Discipline

Curt Gardner curated some great lines from Don DeLillo on writing, and I wanted to share this exchange between two titans:

In a June 11, 2007 New Yorker “Final Destination” article on the Ransom Center Archives, author D.T. Max investigates the DeLillo archives, and finds this exchange between David Foster Wallace and DeLillo on writing:

In October, 1995, David Foster Wallace wrote to him, “Because I tend both to think I’m uniquely afflicted and to idealize people I admire, I tend to imagine you never having had to struggle with any of this narcissism or indulgence stuff. . . . Maybe I want a pep-talk, because I have to tell you I don’t enjoy this war one bit.”
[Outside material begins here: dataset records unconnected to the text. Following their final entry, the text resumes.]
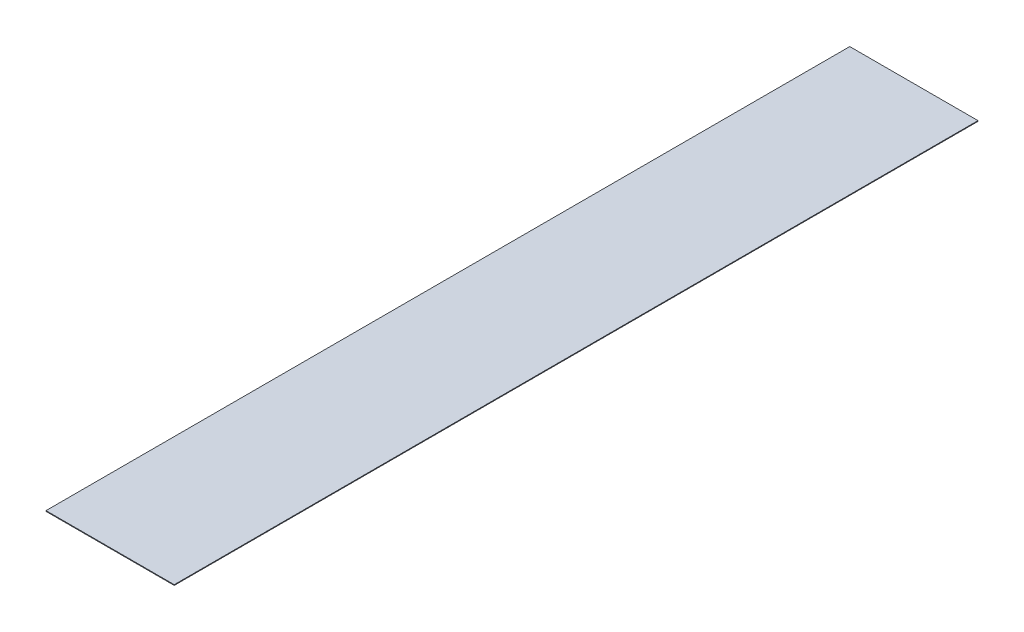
from build123d import *

# Parameters (mm, degrees)
SKETCH1_W           = 47.625
SKETCH1_H           = 298.45
BOSS_EXTRUDE1_DEPTH = 0.254


with BuildPart() as part:
    # Sketch1 → Boss-Extrude1 (new body)
    with BuildSketch(Plane(origin=(0, 0, 0), x_dir=(1, 0, 0), z_dir=(0, 1, 0))):
        with Locations((-23.8125, -149.225)):
            Rectangle(SKETCH1_W, SKETCH1_H)
    extrude(amount=BOSS_EXTRUDE1_DEPTH)


solid = part.part
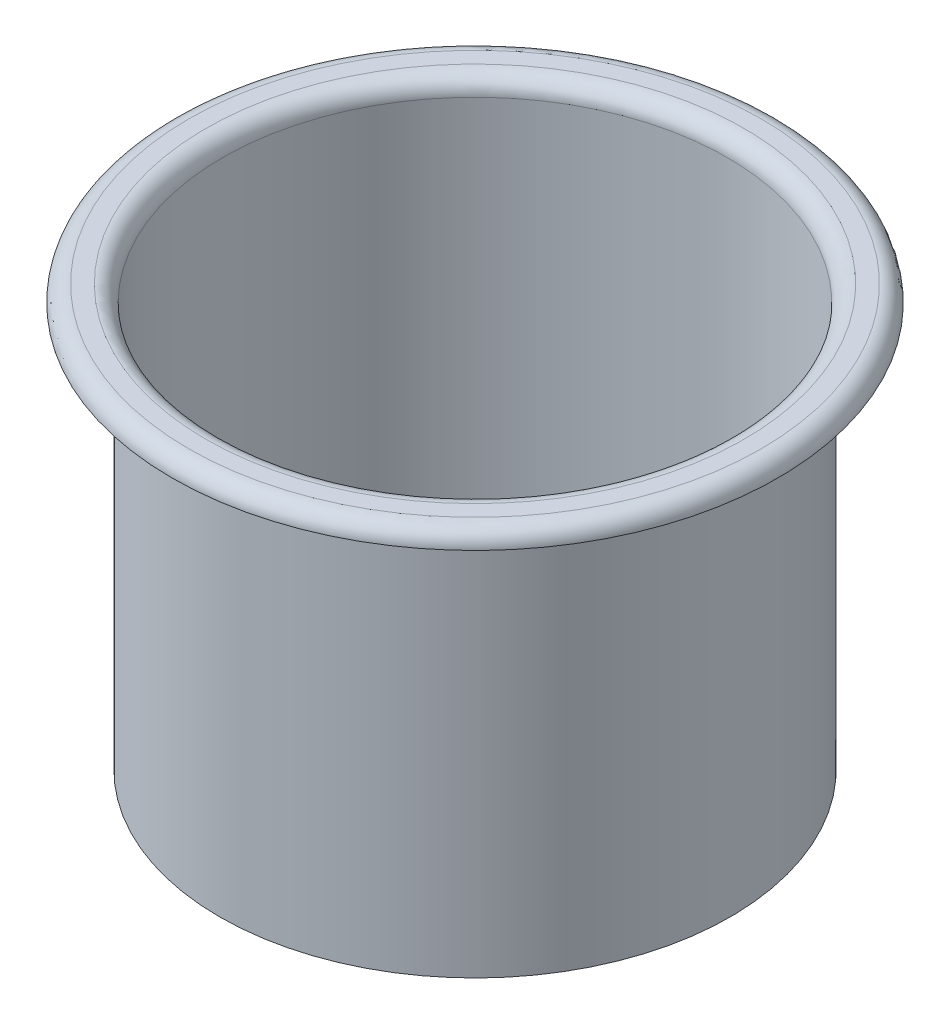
from build123d import *


with BuildPart() as part:
    # Sketch1 → Revolve1 (revolve)
    with BuildSketch(Plane(origin=(0, 0, 0), x_dir=(-1, 0, 0), z_dir=(0, 0, -1)), mode=Mode.PRIVATE) as revolve1_sk:
        with BuildLine():
            Line((-90, 0), (-89.1, 0))
            ThreePointArc((-89.1, 0), (-87.899137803, 2.899137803), (-85, 4.1))
            Line((-85, 4.1), (-80, 4.1))
            ThreePointArc((-80, 4.1), (-77.100862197, 2.899137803), (-75.9, 0))
            Line((-75.9, 0), (-75.9, -120))
            Line((-75.9, -120), (-75, -120))
            Line((-75, -120), (-75, 0))
            ThreePointArc((-75, 0), (-76.464466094, 3.535533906), (-80, 5))
            Line((-80, 5), (-85, 5))
            ThreePointArc((-85, 5), (-88.535533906, 3.535533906), (-90, 0))
        make_face()
    revolve(revolve1_sk.sketch.rotate(Axis((0, -120, 0), (0, 1, 0)), 270), axis=Axis((0, -120, 0), (0, 1, 0)))


solid = part.part
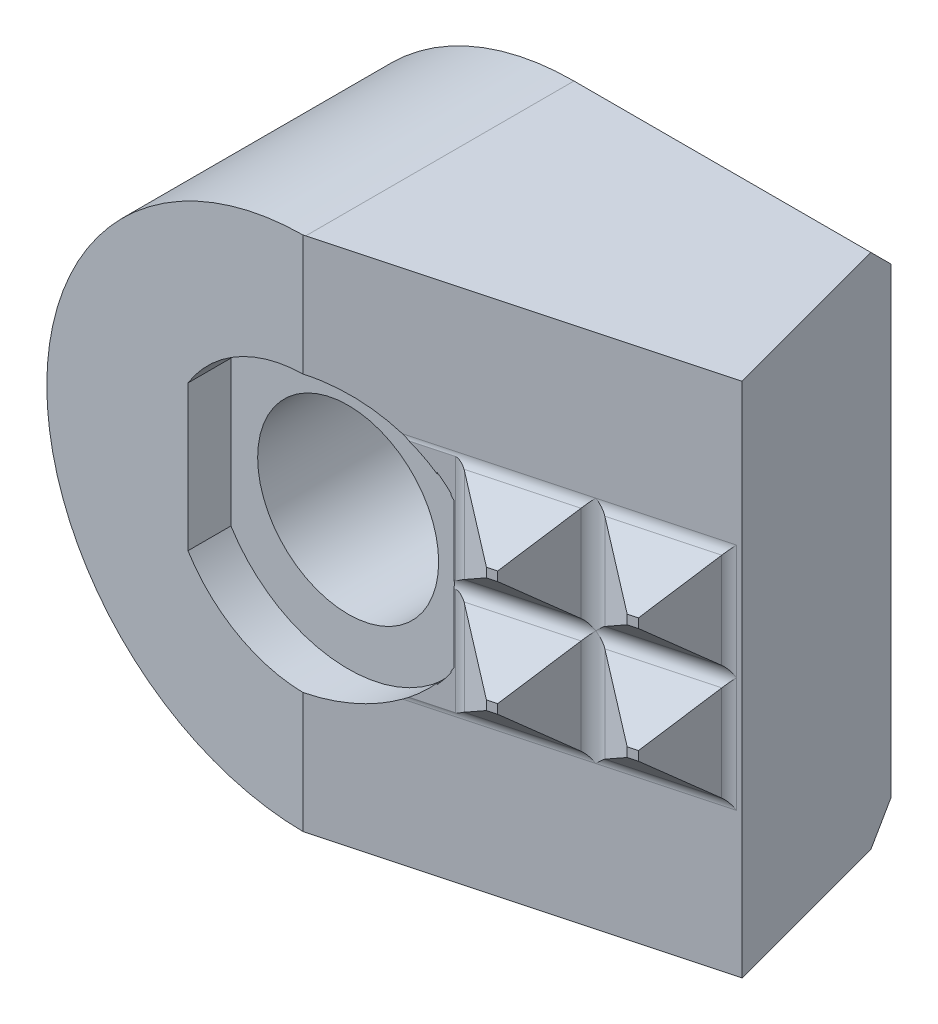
ISO-10303-21;
HEADER;
FILE_DESCRIPTION(('STEP AP214'),'2;1');
FILE_NAME('part.step','',(''),(''),'','','');
FILE_SCHEMA(('AUTOMOTIVE_DESIGN { 1 0 10303 214 1 1 1 1 }'));
ENDSEC;
DATA;
#1=APPLICATION_CONTEXT('core data for automotive mechanical design processes');
#2=APPLICATION_PROTOCOL_DEFINITION('international standard','automotive_design',2000,#1);
#3=PRODUCT_CONTEXT('',#1,'mechanical');
#4=PRODUCT('Part','Part','',(#3));
#5=PRODUCT_RELATED_PRODUCT_CATEGORY('part','',(#4));
#6=PRODUCT_DEFINITION_FORMATION('','',#4);
#7=PRODUCT_DEFINITION_CONTEXT('part definition',#1,'design');
#8=PRODUCT_DEFINITION('design','',#6,#7);
#9=PRODUCT_DEFINITION_SHAPE('','',#8);
#10=(LENGTH_UNIT() NAMED_UNIT(*) SI_UNIT(.MILLI.,.METRE.));
#11=(NAMED_UNIT(*) PLANE_ANGLE_UNIT() SI_UNIT($,.RADIAN.));
#12=(NAMED_UNIT(*) SI_UNIT($,.STERADIAN.) SOLID_ANGLE_UNIT());
#13=UNCERTAINTY_MEASURE_WITH_UNIT(LENGTH_MEASURE(1.E-05),#10,'distance_accuracy_value','');
#14=(GEOMETRIC_REPRESENTATION_CONTEXT(3) GLOBAL_UNCERTAINTY_ASSIGNED_CONTEXT((#13)) GLOBAL_UNIT_ASSIGNED_CONTEXT((#10,
#11,#12)) REPRESENTATION_CONTEXT('',''));
#15=CARTESIAN_POINT('',(0.,0.,0.));
#16=DIRECTION('',(0.,0.,1.));
#17=DIRECTION('',(1.,0.,0.));
#18=AXIS2_PLACEMENT_3D('',#15,#16,#17);
#19=CARTESIAN_POINT('',(8.3114167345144,-7.1374,7.29212002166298));
#20=DIRECTION('',(-0.258819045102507,0.,-0.965925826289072));
#21=DIRECTION('',(0.965925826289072,0.,-0.258819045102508));
#22=AXIS2_PLACEMENT_3D('',#19,#20,#21);
#23=PLANE('',#22);
#24=DIRECTION('',(0.,1.,0.));
#25=VECTOR('',#24,1.);
#26=CARTESIAN_POINT('',(8.3114167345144,-7.1374,7.29212002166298));
#27=LINE('',#26,#25);
#28=CARTESIAN_POINT('',(8.3114167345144,-1.7145,7.29212002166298));
#29=VERTEX_POINT('',#28);
#30=CARTESIAN_POINT('',(8.3114167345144,-1.4605,7.29212002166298));
#31=VERTEX_POINT('',#30);
#32=EDGE_CURVE('E554',#29,#31,#27,.T.);
#33=ORIENTED_EDGE('',*,*,#32,.T.);
#34=DIRECTION('',(0.965925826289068,0.,-0.258819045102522));
#35=VECTOR('',#34,1.);
#36=CARTESIAN_POINT('',(-6.32623001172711,-1.4605,11.2142656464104));
#37=LINE('',#36,#35);
#38=CARTESIAN_POINT('',(8.066071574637,-1.4605,7.35786005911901));
#39=VERTEX_POINT('',#38);
#40=EDGE_CURVE('E365',#39,#31,#37,.T.);
#41=ORIENTED_EDGE('',*,*,#40,.F.);
#42=DIRECTION('',(0.,1.,0.));
#43=VECTOR('',#42,1.);
#44=CARTESIAN_POINT('',(8.066071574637,-7.1374,7.35786005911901));
#45=LINE('',#44,#43);
#46=CARTESIAN_POINT('',(8.066071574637,-1.7145,7.35786005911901));
#47=VERTEX_POINT('',#46);
#48=EDGE_CURVE('E558',#47,#39,#45,.T.);
#49=ORIENTED_EDGE('',*,*,#48,.F.);
#50=DIRECTION('',(0.965925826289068,0.,-0.258819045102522));
#51=VECTOR('',#50,1.);
#52=CARTESIAN_POINT('',(-6.32623001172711,-1.7145,11.2142656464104));
#53=LINE('',#52,#51);
#54=EDGE_CURVE('E368',#47,#29,#53,.T.);
#55=ORIENTED_EDGE('',*,*,#54,.T.);
#56=EDGE_LOOP('',(#33,#41,#49,#55));
#57=FACE_BOUND('',#56,.T.);
#58=ADVANCED_FACE('F16',(#57),#23,.F.);
#59=CARTESIAN_POINT('',(-6.32623001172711,-1.4605,11.2142656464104));
#60=DIRECTION('',(-0.18301270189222,-0.707106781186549,-0.683012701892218));
#61=DIRECTION('',(0.,0.694746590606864,-0.719254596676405));
#62=AXIS2_PLACEMENT_3D('',#59,#60,#61);
#63=PLANE('',#62);
#64=DIRECTION('',(0.965925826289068,0.,-0.258819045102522));
#65=VECTOR('',#64,1.);
#66=CARTESIAN_POINT('',(-6.6345073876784,-0.269407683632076,10.0637588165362));
#67=LINE('',#66,#65);
#68=CARTESIAN_POINT('',(6.60728736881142,-0.269407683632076,6.51563060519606));
#69=VERTEX_POINT('',#68);
#70=CARTESIAN_POINT('',(9.15364618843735,-0.269407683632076,5.83333581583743));
#71=VERTEX_POINT('',#70);
#72=EDGE_CURVE('E361',#69,#71,#67,.T.);
#73=ORIENTED_EDGE('',*,*,#72,.F.);
#74=DIRECTION('',(-0.707106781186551,0.577350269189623,-0.408248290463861));
#75=VECTOR('',#74,1.);
#76=CARTESIAN_POINT('',(10.3836562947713,-3.3528,8.6959182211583));
#77=LINE('',#76,#75);
#78=EDGE_CURVE('E487',#39,#69,#77,.T.);
#79=ORIENTED_EDGE('',*,*,#78,.F.);
#80=ORIENTED_EDGE('',*,*,#40,.T.);
#81=DIRECTION('',(-0.408248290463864,-0.577350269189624,0.707106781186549));
#82=VECTOR('',#81,1.);
#83=CARTESIAN_POINT('',(7.5348448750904,-2.55873845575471,8.63718193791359));
#84=LINE('',#83,#82);
#85=EDGE_CURVE('E490',#71,#31,#84,.T.);
#86=ORIENTED_EDGE('',*,*,#85,.F.);
#87=EDGE_LOOP('',(#73,#79,#80,#86));
#88=FACE_BOUND('',#87,.T.);
#89=ADVANCED_FACE('F653',(#88),#63,.F.);
#90=CARTESIAN_POINT('',(-6.32623001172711,1.4605,11.2142656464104));
#91=DIRECTION('',(0.18301270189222,-0.707106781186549,0.683012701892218));
#92=DIRECTION('',(0.,-0.694746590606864,-0.719254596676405));
#93=AXIS2_PLACEMENT_3D('',#90,#91,#92);
#94=PLANE('',#93);
#95=DIRECTION('',(-0.408248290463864,0.577350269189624,0.707106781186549));
#96=VECTOR('',#95,1.);
#97=CARTESIAN_POINT('',(10.8994475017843,-2.19952821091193,2.80951924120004));
#98=LINE('',#97,#96);
#99=CARTESIAN_POINT('',(9.15364618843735,0.269407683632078,5.83333581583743));
#100=VERTEX_POINT('',#99);
#101=CARTESIAN_POINT('',(8.3114167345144,1.4605,7.29212002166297));
#102=VERTEX_POINT('',#101);
#103=EDGE_CURVE('E499',#100,#102,#98,.T.);
#104=ORIENTED_EDGE('',*,*,#103,.T.);
#105=DIRECTION('',(0.965925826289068,0.,-0.258819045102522));
#106=VECTOR('',#105,1.);
#107=CARTESIAN_POINT('',(-6.32623001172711,1.4605,11.2142656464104));
#108=LINE('',#107,#106);
#109=CARTESIAN_POINT('',(8.066071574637,1.4605,7.35786005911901));
#110=VERTEX_POINT('',#109);
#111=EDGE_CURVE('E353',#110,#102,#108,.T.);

DeLillo responded in November. “I was a semiconscious writer in the beginning,” he writes. “Just sat and wrote something, or read the newspaper, or went to the movies. Over time I began to understand, one, that I was lucky to be doing this work, and, two, that the only way I’d get better at it was to be more serious, to understand the rigors of novel-writing and to make it central to my life, not a variation on some related career choice, like sportswriting or playwriting. The novel is different. . . . We die indoors, and alone, and I don’t mean to sound overdramatic but you know what I’m talking about. Anyway, all of this happened over time, until eventually discipline no longer seemed something outside me that urged the reluctant body into the room. At this point discipline is inseparable from what I do. It’s not even definable as discipline. It has no name. I never think about it. But there’s no trick of meditation or self-mastery that brought it about. I got older, that’s all. I was not a born novelist (if anyone is). I had to grow into novelhood.

This is the good stuff. You don’t need to be an aspiring novelist to take away the wisdom in DeLillo’s response. Anything worth doing is worth doing with a stern, unspoken degree of discipline. What does that mean? Well, I’m sure it’s different for everyone, but it’s something that will need to be understood before the work can provide any meaningful transformation to the artist.

I’ve struggled with this. I’ve struggled to quiet my mind and settle into the groove of discipline, like what DeLillo is writing about here. But I think it’s important. Maybe it is just getting older. Something you grow into, if you’re paying attention.